August 9, 2021 -  By

LOCATION: Sheboygan, Wis.
COMPANY: Landmark Landscapes

The clients approached Landmark Landscapes after seeing the company’s projects in their neighborhood. Goals included mitigating erosion problems on the property, which overlooks Lake Michigan’s bluffs, and creating a seamless feel from the inside of the home to the outside.

Joe Majerus, president of Landmark Landscapes, says the clients put off the project for years because they could not source the same type of limestone as the exterior of the home. Landmark Landscapes sourced material from a quarry and a farm. Landmark also sourced the limestone for the built-in bar on-site.
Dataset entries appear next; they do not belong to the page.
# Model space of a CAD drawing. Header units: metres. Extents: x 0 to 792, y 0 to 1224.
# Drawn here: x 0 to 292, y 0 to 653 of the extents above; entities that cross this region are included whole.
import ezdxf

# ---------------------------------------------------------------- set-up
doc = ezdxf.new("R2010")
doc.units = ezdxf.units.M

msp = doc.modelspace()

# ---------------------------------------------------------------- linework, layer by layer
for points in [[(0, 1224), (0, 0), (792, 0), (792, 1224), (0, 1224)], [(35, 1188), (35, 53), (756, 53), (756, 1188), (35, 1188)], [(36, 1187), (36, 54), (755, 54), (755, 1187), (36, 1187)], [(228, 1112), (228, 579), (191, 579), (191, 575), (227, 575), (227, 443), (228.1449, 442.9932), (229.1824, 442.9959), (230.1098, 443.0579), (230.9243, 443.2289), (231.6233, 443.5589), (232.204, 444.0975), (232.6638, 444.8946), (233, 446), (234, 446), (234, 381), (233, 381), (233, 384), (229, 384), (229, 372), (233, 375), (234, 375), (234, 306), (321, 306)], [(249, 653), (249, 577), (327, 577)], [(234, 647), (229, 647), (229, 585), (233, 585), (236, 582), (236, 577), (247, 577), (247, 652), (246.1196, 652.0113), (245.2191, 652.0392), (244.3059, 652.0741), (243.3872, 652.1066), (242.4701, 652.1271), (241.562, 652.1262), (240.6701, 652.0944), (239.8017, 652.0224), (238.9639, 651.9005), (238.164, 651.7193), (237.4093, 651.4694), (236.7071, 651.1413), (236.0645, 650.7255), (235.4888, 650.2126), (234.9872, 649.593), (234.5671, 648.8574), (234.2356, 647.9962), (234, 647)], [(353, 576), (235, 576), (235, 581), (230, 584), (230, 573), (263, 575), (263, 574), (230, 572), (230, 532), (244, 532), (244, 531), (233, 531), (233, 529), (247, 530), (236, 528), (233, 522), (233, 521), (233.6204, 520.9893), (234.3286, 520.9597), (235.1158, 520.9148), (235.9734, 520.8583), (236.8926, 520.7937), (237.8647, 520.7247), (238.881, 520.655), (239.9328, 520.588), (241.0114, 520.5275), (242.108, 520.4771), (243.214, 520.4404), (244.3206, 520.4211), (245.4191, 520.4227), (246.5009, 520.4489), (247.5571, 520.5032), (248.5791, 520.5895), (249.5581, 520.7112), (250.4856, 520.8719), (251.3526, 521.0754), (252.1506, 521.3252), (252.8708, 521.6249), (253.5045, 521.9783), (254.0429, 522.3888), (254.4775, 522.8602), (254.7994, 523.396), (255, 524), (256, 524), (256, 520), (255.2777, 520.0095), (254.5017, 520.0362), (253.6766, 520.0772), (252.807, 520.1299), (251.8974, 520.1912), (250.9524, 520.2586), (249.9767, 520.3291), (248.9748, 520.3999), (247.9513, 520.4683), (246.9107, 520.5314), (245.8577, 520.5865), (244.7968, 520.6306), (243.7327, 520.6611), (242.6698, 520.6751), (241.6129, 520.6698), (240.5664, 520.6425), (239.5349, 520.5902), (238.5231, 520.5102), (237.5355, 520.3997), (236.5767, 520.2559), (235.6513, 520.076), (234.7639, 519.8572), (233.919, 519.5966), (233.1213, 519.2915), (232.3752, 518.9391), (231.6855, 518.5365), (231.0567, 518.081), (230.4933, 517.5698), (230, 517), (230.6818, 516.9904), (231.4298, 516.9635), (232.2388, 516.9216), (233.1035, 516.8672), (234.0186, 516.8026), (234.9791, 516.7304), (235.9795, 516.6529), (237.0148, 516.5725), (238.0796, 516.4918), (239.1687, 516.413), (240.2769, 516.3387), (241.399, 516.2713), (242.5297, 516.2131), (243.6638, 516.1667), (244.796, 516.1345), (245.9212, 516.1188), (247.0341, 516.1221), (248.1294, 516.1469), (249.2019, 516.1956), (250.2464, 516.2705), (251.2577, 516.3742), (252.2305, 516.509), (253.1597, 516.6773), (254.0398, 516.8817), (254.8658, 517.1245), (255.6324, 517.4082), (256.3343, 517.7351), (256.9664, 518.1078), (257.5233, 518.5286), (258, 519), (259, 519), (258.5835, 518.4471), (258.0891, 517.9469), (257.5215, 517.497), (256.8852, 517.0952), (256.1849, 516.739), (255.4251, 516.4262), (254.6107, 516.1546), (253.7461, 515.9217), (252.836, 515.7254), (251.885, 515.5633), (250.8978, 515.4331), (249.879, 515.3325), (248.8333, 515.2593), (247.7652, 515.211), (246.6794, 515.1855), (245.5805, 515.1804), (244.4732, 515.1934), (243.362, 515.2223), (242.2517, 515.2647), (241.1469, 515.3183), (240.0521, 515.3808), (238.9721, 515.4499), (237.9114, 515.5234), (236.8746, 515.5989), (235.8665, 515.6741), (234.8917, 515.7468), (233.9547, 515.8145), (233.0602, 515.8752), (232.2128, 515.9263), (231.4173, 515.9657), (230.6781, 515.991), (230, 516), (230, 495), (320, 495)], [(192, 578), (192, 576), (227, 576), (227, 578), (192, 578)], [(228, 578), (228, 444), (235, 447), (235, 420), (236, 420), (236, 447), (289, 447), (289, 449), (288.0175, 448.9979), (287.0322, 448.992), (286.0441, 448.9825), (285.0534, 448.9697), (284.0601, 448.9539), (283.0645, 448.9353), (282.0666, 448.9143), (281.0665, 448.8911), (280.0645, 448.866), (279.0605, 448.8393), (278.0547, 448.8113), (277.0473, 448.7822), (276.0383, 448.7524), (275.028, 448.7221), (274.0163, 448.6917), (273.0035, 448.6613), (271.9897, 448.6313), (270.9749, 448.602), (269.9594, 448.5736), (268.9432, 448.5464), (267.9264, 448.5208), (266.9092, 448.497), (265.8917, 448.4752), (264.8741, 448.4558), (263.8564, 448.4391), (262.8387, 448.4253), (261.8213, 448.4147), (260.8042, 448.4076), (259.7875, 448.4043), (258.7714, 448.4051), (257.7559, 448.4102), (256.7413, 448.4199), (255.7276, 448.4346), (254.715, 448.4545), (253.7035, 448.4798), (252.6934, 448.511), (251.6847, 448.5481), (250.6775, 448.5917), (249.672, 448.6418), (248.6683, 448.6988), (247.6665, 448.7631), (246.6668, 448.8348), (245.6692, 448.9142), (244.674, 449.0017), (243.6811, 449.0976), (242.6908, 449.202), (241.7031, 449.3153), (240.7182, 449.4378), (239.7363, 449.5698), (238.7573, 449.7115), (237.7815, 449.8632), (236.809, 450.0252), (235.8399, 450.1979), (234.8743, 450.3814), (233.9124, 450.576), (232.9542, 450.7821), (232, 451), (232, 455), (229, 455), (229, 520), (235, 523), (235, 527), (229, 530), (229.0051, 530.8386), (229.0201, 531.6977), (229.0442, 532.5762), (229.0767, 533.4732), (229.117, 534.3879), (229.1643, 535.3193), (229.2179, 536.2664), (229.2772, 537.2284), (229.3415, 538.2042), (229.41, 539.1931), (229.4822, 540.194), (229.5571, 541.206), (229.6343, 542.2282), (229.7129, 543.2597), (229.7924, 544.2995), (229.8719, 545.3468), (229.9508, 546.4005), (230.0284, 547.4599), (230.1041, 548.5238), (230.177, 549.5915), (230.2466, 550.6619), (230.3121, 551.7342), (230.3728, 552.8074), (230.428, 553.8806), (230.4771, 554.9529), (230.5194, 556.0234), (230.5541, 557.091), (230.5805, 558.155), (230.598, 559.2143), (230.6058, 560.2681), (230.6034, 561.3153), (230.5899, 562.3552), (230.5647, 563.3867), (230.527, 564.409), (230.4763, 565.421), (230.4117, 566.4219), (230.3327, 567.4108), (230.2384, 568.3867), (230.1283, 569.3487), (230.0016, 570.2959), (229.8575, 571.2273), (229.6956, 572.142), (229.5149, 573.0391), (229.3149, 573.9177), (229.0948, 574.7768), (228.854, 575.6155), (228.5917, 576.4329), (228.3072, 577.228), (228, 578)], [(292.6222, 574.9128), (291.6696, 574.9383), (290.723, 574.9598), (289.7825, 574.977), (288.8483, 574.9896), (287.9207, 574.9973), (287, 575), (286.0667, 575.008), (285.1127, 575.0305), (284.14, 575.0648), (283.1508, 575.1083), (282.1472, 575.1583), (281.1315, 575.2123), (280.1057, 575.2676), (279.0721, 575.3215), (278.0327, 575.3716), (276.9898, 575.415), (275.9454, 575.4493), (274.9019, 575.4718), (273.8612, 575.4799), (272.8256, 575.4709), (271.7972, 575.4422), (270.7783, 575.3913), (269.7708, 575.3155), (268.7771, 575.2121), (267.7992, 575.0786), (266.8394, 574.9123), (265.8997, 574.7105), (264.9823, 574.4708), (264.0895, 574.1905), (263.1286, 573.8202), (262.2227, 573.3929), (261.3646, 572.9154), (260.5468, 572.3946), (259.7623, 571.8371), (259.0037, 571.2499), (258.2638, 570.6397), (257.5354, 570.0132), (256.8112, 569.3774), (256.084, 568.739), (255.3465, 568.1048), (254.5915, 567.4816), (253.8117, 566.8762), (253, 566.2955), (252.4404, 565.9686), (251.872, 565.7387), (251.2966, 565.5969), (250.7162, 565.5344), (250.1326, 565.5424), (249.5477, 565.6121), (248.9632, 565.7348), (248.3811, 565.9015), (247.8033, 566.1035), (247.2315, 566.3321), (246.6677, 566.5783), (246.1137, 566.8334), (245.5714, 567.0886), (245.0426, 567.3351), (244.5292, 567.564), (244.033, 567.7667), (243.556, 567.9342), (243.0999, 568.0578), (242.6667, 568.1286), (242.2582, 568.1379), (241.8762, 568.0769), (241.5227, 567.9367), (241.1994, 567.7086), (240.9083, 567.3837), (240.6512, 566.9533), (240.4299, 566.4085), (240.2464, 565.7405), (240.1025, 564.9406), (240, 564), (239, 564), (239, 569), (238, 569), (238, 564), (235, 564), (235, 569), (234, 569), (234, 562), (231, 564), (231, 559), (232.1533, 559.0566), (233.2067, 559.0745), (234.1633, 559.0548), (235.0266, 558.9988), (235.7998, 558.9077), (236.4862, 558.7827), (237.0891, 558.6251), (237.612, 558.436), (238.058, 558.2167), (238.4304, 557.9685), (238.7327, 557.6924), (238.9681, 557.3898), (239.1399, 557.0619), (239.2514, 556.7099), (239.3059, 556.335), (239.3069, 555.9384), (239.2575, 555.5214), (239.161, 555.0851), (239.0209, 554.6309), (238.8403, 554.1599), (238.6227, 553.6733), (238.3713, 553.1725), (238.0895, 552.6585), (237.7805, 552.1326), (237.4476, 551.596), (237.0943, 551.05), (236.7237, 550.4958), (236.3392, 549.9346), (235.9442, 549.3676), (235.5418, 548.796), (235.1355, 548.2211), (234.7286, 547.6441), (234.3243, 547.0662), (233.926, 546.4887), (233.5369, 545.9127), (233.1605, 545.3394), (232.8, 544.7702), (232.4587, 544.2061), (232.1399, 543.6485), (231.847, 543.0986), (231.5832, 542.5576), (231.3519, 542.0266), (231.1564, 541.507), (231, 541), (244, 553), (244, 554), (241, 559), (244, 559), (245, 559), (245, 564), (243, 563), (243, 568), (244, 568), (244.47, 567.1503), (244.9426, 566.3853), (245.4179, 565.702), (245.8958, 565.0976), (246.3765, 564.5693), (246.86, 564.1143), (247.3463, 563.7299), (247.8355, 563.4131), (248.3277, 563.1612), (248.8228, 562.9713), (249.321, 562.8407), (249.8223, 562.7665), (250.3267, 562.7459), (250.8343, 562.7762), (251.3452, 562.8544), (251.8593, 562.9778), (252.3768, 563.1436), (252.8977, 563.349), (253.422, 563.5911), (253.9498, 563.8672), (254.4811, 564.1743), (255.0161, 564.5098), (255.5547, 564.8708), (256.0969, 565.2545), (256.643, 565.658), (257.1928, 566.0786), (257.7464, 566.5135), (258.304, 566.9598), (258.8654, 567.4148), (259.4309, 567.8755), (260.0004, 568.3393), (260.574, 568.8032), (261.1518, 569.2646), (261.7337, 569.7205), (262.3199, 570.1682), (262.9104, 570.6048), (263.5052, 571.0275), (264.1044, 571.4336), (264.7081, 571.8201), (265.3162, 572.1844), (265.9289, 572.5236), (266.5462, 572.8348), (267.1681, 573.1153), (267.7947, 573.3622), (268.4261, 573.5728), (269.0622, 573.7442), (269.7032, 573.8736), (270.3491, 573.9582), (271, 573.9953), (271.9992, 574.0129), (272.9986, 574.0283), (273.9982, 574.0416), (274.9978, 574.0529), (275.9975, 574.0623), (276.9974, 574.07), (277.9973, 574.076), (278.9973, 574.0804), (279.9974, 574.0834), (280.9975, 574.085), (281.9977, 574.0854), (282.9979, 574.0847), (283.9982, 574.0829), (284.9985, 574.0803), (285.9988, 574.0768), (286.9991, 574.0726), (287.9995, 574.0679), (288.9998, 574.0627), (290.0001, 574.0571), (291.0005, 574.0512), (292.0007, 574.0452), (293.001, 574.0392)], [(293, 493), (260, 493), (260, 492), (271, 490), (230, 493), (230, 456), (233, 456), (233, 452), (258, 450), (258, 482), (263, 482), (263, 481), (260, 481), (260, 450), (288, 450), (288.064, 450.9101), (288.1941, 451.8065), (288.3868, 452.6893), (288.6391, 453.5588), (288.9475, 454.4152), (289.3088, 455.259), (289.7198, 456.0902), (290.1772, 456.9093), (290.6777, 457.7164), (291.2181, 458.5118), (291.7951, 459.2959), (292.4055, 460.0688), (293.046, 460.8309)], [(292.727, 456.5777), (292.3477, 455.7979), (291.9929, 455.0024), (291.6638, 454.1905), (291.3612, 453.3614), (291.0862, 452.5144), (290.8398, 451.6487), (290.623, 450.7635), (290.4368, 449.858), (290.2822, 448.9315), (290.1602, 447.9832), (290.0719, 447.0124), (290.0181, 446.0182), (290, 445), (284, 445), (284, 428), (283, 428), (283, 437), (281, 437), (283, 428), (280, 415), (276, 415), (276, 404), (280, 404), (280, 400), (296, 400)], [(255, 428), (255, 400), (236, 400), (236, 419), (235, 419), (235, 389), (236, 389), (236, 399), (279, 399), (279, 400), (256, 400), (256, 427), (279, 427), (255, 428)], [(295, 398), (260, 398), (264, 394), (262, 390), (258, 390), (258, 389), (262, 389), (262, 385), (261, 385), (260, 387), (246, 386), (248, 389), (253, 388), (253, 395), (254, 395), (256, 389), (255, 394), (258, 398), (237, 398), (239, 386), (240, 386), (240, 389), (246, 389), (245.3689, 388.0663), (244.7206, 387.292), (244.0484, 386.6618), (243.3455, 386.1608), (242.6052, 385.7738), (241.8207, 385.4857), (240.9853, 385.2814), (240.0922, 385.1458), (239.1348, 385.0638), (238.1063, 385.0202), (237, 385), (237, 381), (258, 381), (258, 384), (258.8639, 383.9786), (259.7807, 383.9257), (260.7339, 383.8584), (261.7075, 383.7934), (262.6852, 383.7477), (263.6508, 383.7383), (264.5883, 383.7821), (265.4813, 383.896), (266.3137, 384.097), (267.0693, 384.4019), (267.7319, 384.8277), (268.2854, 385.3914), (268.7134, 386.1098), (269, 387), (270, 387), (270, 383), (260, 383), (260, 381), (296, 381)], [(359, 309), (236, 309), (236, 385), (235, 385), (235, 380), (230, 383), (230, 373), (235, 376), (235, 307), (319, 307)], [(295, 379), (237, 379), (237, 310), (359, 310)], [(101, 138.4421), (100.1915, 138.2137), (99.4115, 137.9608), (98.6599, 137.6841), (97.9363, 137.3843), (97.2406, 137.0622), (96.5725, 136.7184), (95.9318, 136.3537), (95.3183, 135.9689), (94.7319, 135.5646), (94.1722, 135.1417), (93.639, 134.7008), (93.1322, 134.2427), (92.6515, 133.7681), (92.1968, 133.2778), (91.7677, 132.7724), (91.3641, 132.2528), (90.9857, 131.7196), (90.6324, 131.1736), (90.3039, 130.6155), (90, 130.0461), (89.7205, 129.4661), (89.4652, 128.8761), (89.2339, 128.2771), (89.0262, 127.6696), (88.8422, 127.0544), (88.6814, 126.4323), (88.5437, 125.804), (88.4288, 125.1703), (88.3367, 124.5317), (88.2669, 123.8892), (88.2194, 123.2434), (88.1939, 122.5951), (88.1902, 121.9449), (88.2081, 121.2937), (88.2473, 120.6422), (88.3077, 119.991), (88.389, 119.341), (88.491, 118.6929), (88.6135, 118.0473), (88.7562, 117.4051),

“In the middle of the gardens, we unearthed this bar top that was some landscape element from the 1950s,” he says. “We laid the two pieces out and I was like, ‘This would be the perfect shape, size and scale for a bar top on the back patio.’”

While it took time to build a relationship with the client, it also created an opportunity to collaborate on features such as the hanging chandelier.

“It was really through the collaborative efforts of our staff and the clients that we came up with a lot of the really awesome features in the landscape itself,” he says.

Landmark Landscapes won a Gold Award in the 2020 National Association of Landscape Professionals’ Awards of Excellence program.

 

The garden showcases the client’s terra-cotta art. Other features include eroded limestone boulders sourced from a farmer’s fence row and plantings reflective of the Japanese garden influence. (Photo courtesy of Kimber Johnson)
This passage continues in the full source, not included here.